Es un mal comienzo empezar confundiendo las comunidades. Un poco de cuidado no altera a nadie...


----------



## Rausbel (Abr 20, 2019)

Es imposible que ese círcuito suene bien. Puedes buscar en la web que hay muchos diseños mejores. Claro, más complicados. O puedes probar con algún circuito a integrados que son más sencillos. Saludos.


----------



## jose alberto ortega (Abr 20, 2019)

Dr. Zoidberg dijo:


> Me parece que te equivocaste de foro. Esto no es "yoreparo.com" sino "forosdeelectronica.com"
> Es un mal comienzo empezar confundiendo las comunidades. Un poco de cuidado no altera a nadie...
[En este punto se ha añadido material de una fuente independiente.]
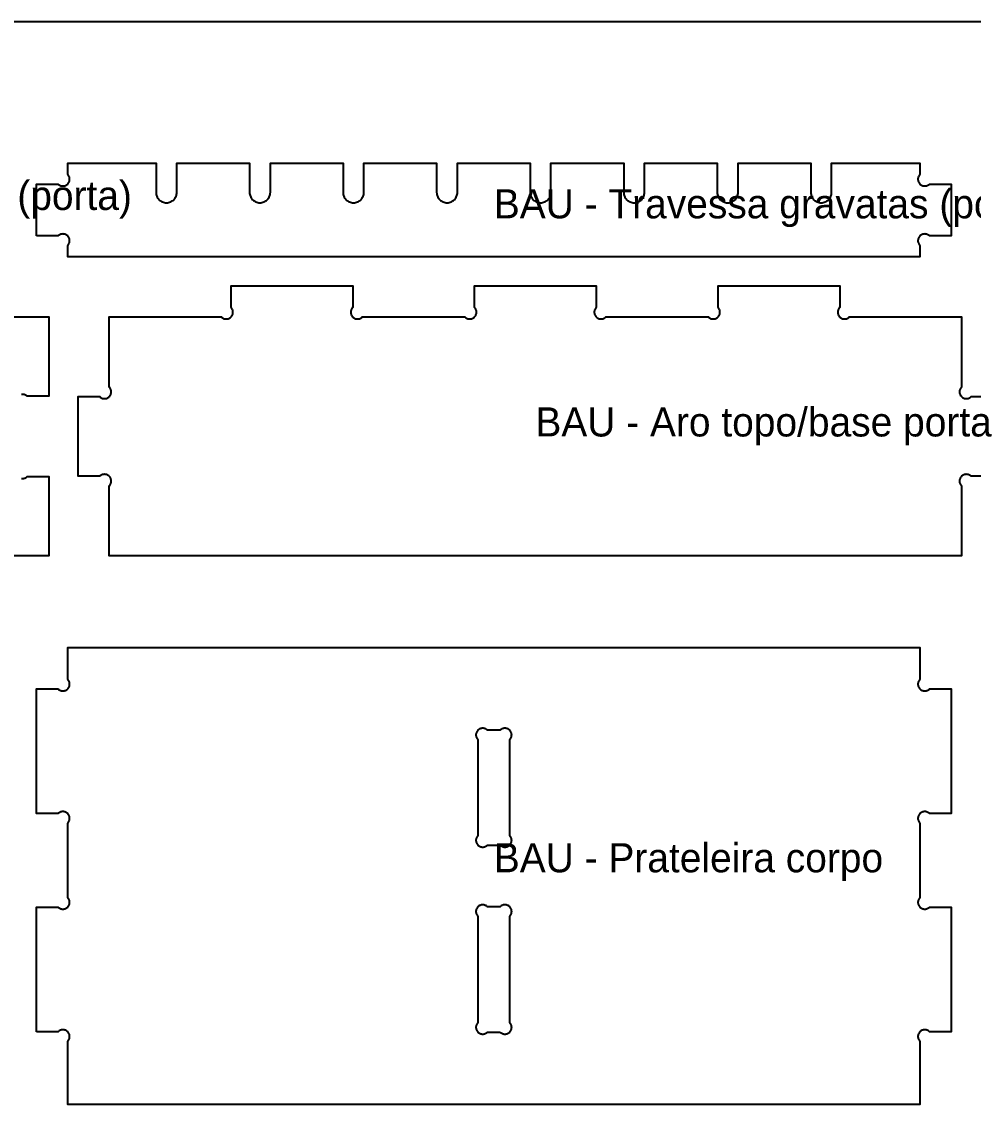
# Model space of a CAD drawing. Header units: millimetres. Extents: x 0 to 2787, y 0 to 1840.
# Drawn here: x 459 to 917, y 1312 to 1840 of the extents above; entities that cross this region are included whole.
import ezdxf

# ---------------------------------------------------------------- set-up
doc = ezdxf.new("R2010")
doc.units = ezdxf.units.MM
for name, color, linetype in [('CHAPA_NAO_CORTAR', 8, 'Continuous'), ('CORTE_EXTERNO', 1, 'Continuous'), ('CORTE_INTERNO', 5, 'Continuous'), ('ETIQUETAS_NAO_CORTAR', 8, 'Continuous')]:
    doc.layers.add(name, color=color, linetype=linetype)

msp = doc.modelspace()

# ---------------------------------------------------------------- linework, layer by layer
at = {"layer": 'CHAPA_NAO_CORTAR'}
msp.add_lwpolyline([(0, 0), (2750, 0), (2750, 1840), (0, 1840)], close=True, dxfattribs=at)
at = {"layer": 'CORTE_EXTERNO'}
for points in [[(466, 1737), (466, 1762), (476.4, 1762), (476.64, 1761.79), (476.9, 1761.6), (477.17, 1761.43), (477.46, 1761.3), (477.76, 1761.19), (478.07, 1761.11), (478.38, 1761.06), (478.7, 1761.05), (479.02, 1761.06), (479.34, 1761.11), (479.65, 1761.19), (479.95, 1761.3), (480.23, 1761.43), (480.51, 1761.6), (480.76, 1761.79), (481, 1762), (481.21, 1762.24), (481.4, 1762.49), (481.57, 1762.77), (481.7, 1763.05), (481.81, 1763.35), (481.89, 1763.66), (481.94, 1763.98), (481.95, 1764.3), (481.94, 1764.62), (481.89, 1764.93), (481.81, 1765.24), (481.7, 1765.54), (481.57, 1765.83), (481.4, 1766.1), (481.21, 1766.36), (481, 1766.6), (481, 1772), (523.5, 1772), (523.5, 1758), (523.52, 1757.51), (523.6, 1757.02), (523.72, 1756.55), (523.88, 1756.09), (524.09, 1755.64), (524.34, 1755.22), (524.63, 1754.83), (524.96, 1754.46), (525.33, 1754.13), (525.72, 1753.84), (526.14, 1753.59), (526.59, 1753.38), (527.05, 1753.22), (527.52, 1753.1), (528.01, 1753.02), (528.5, 1753), (528.99, 1753.02), (529.48, 1753.1), (529.95, 1753.22), (530.41, 1753.38), (530.86, 1753.59), (531.28, 1753.84), (531.67, 1754.13), (532.04, 1754.46), (532.37, 1754.83), (532.66, 1755.22), (532.91, 1755.64), (533.12, 1756.09), (533.28, 1756.55), (533.4, 1757.02), (533.48, 1757.51), (533.5, 1758), (533.5, 1772), (568.5, 1772), (568.5, 1758), (568.52, 1757.51), (568.6, 1757.02), (568.72, 1756.55), (568.88, 1756.09), (569.09, 1755.64), (569.34, 1755.22), (569.63, 1754.83), (569.96, 1754.46), (570.33, 1754.13), (570.72, 1753.84), (571.14, 1753.59), (571.59, 1753.38), (572.05, 1753.22), (572.52, 1753.1), (573.01, 1753.02), (573.5, 1753), (573.99, 1753.02), (574.48, 1753.1), (574.95, 1753.22), (575.41, 1753.38), (575.86, 1753.59), (576.28, 1753.84), (576.67, 1754.13), (577.04, 1754.46), (577.37, 1754.83), (577.66, 1755.22), (577.91, 1755.64), (578.12, 1756.09), (578.28, 1756.55), (578.4, 1757.02), (578.48, 1757.51), (578.5, 1758), (578.5, 1772), (613.5, 1772), (613.5, 1758), (613.52, 1757.51), (613.6, 1757.02), (613.72, 1756.55), (613.88, 1756.09), (614.09, 1755.64), (614.34, 1755.22), (614.63, 1754.83), (614.96, 1754.46), (615.33, 1754.13), (615.72, 1753.84), (616.14, 1753.59), (616.59, 1753.38), (617.05, 1753.22), (617.52, 1753.1), (618.01, 1753.02), (618.5, 1753), (618.99, 1753.02), (619.48, 1753.1), (619.95, 1753.22), (620.41, 1753.38), (620.86, 1753.59), (621.28, 1753.84), (621.67, 1754.13), (622.04, 1754.46), (622.37, 1754.83), (622.66, 1755.22), (622.91, 1755.64), (623.12, 1756.09), (623.28, 1756.55), (623.4, 1757.02), (623.48, 1757.51), (623.5, 1758), (623.5, 1772), (658.5, 1772), (658.5, 1758), (658.52, 1757.51), (658.6, 1757.02), (658.72, 1756.55), (658.88, 1756.09), (659.09, 1755.64), (659.34, 1755.22), (659.63, 1754.83), (659.96, 1754.46), (660.33, 1754.13), (660.72, 1753.84), (661.14, 1753.59), (661.59, 1753.38), (662.05, 1753.22), (662.52, 1753.1), (663.01, 1753.02), (663.5, 1753), (663.99, 1753.02), (664.48, 1753.1), (664.95, 1753.22), (665.41, 1753.38), (665.86, 1753.59), (666.28, 1753.84), (666.67, 1754.13), (667.04, 1754.46), (667.37, 1754.83), (667.66, 1755.22), (667.91, 1755.64), (668.12, 1756.09), (668.28, 1756.55), (668.4, 1757.02), (668.48, 1757.51), (668.5, 1758), (668.5, 1772), (703.5, 1772), (703.5, 1758), (703.52, 1757.51), (703.6, 1757.02), (703.72, 1756.55), (703.88, 1756.09), (704.09, 1755.64), (704.34, 1755.22), (704.63, 1754.83), (704.96, 1754.46), (705.33, 1754.13), (705.72, 1753.84), (706.14, 1753.59), (706.59, 1753.38), (707.05, 1753.22), (707.52, 1753.1), (708.01, 1753.02), (708.5, 1753), (708.99, 1753.02), (709.48, 1753.1), (709.95, 1753.22), (710.41, 1753.38), (710.86, 1753.59), (711.28, 1753.84), (711.67, 1754.13), (712.04, 1754.46), (712.37, 1754.83), (712.66, 1755.22), (712.91, 1755.64), (713.12, 1756.09), (713.28, 1756.55), (713.4, 1757.02), (713.48, 1757.51), (713.5, 1758), (713.5, 1772), (748.5, 1772), (748.5, 1758), (748.52, 1757.51), (748.6, 1757.02), (748.72, 1756.55), (748.88, 1756.09), (749.09, 1755.64), (749.34, 1755.22), (749.63, 1754.83), (749.96, 1754.46), (750.33, 1754.13), (750.72, 1753.84), (751.14, 1753.59), (751.59, 1753.38), (752.05, 1753.22), (752.52, 1753.1), (753.01, 1753.02), (753.5, 1753), (753.99, 1753.02), (754.48, 1753.1), (754.95, 1753.22), (755.41, 1753.38), (755.86, 1753.59), (756.28, 1753.84), (756.67, 1754.13), (757.04, 1754.46), (757.37, 1754.83), (757.66, 1755.22), (757.91, 1755.64), (758.12, 1756.09), (758.28, 1756.55), (758.4, 1757.02), (758.48, 1757.51), (758.5, 1758), (758.5, 1772), (793.5, 1772), (793.5, 1758), (793.52, 1757.51), (793.6, 1757.02), (793.72, 1756.55), (793.88, 1756.09), (794.09, 1755.64), (794.34, 1755.22), (794.63, 1754.83), (794.96, 1754.46), (795.33, 1754.13), (795.72, 1753.84), (796.14, 1753.59), (796.59, 1753.38), (797.05, 1753.22), (797.52, 1753.1), (798.01, 1753.02), (798.5, 1753), (798.99, 1753.02), (799.48, 1753.1), (799.95, 1753.22), (800.41, 1753.38), (800.86, 1753.59), (801.28, 1753.84), (801.67, 1754.13), (802.04, 1754.46), (802.37, 1754.83), (802.66, 1755.22), (802.91, 1755.64), (803.12, 1756.09), (803.28, 1756.55), (803.4, 1757.02), (803.48, 1757.51), (803.5, 1758), (803.5, 1772), (838.5, 1772), (838.5, 1758), (838.52, 1757.51), (838.6, 1757.02), (838.72, 1756.55), (838.88, 1756.09), (839.09, 1755.64), (839.34, 1755.22), (839.63, 1754.83), (839.96, 1754.46), (840.33, 1754.13), (840.72, 1753.84), (841.14, 1753.59), (841.59, 1753.38), (842.05, 1753.22), (842.52, 1753.1), (843.01, 1753.02), (843.5, 1753), (843.99, 1753.02), (844.48, 1753.1), (844.95, 1753.22), (845.41, 1753.38), (845.86, 1753.59), (846.28, 1753.84), (846.67, 1754.13), (847.04, 1754.46), (847.37, 1754.83), (847.66, 1755.22), (847.91, 1755.64), (848.12, 1756.09), (848.28, 1756.55), (848.4, 1757.02), (848.48, 1757.51), (848.5, 1758), (848.5, 1772), (891, 1772), (891, 1766.6), (890.79, 1766.36), (890.6, 1766.1), (890.43, 1765.83), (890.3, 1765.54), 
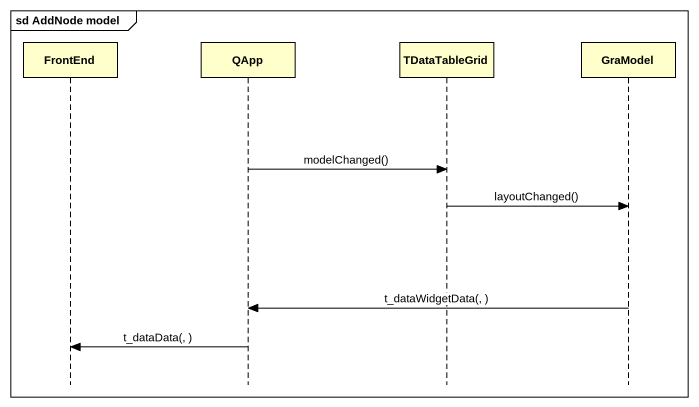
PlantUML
@startuml
mainframe sd AddNode model
hide footbox
participant FrontEnd
participant QApp
participant TDataTableGrid
participant GraModel

QApp -> TDataTableGrid : modelChanged()
TDataTableGrid -> GraModel : layoutChanged()
GraModel -> QApp : t_dataWidgetData(, )
QApp -> FrontEnd : t_dataData(, )
@enduml

upps disculpen amigos es que estaba pensando en un tema de ese foro que acababa de ver


Rausbel dijo:


> Es imposible que ese círcuito suene bien. Puedes buscar en la web que hay muchos diseños mejores. Claro, más complicados. O puedes probar con algún circuito a integrados que son más sencillos. Saludos.


si suena pero no del todo bien suena un poco raro


Fogonazo dijo:


> ¿ Donde conseguiste ese diseño ?
> ¿ Circuito ?


en un video de youtube amigo


Rausbel dijo:


> Es imposible que ese círcuito suene bien. Puedes buscar en la web que hay muchos diseños mejores. Claro, más complicados. O puedes probar con algún circuito a integrados que son más sencillos. Saludos.


amigo y por que es imposible que esta mal hecho o que componentes no son los correctos


----------



## Rausbel (Abr 20, 2019)

Mira, es demasiado sencillo. Se salta etapas importantes en cualquier Amplificador decente. Como primer proyecto de armado esta bien, pero si lo piensas usar para escuchar música o una fiesta, no creo que sea el indicado. ¿Ya has armado algún circuito anteriormente?


----------



## Dr. Zoidberg (Abr 21, 2019)

Para hacerla corta: el amplificador de ese esquema es un desastre. Es muy simple e igual de malo. En el foro deben haber un par de miles de amplificadores de excelente calidad y casi igual de simples --> busca por los TDA2030 o 2040 o 2050 (ya no se consiguen pero el reemplazo directo es el LM1875). Por supuesto que no funcionaran con los USB. Si es necesario usar los USB, entonces buscá por el TDA2822, y luego seguimos hablando, por que para hacer funcionar bien el diseño de youtube hay que hacer un rediseño completo.


----------



## SKYFALL (Abr 21, 2019)

Existen infinidad de pequeños amplificadores transistorizados que funcionan a 5 voltios si es que lo deseas para trabajarlo por USB, busca uno de esos en el foro o sino has como dice Dr. Z, puedes solucionarlo con un circuito integrado.


----------



## DOSMETROS (Abr 21, 2019)

Funciona con DC en la salida   

Hasta con 300mV de entrada anda aceptable (un celular al máximo andará por los 3.000 mV , así que a bajarle el volumen).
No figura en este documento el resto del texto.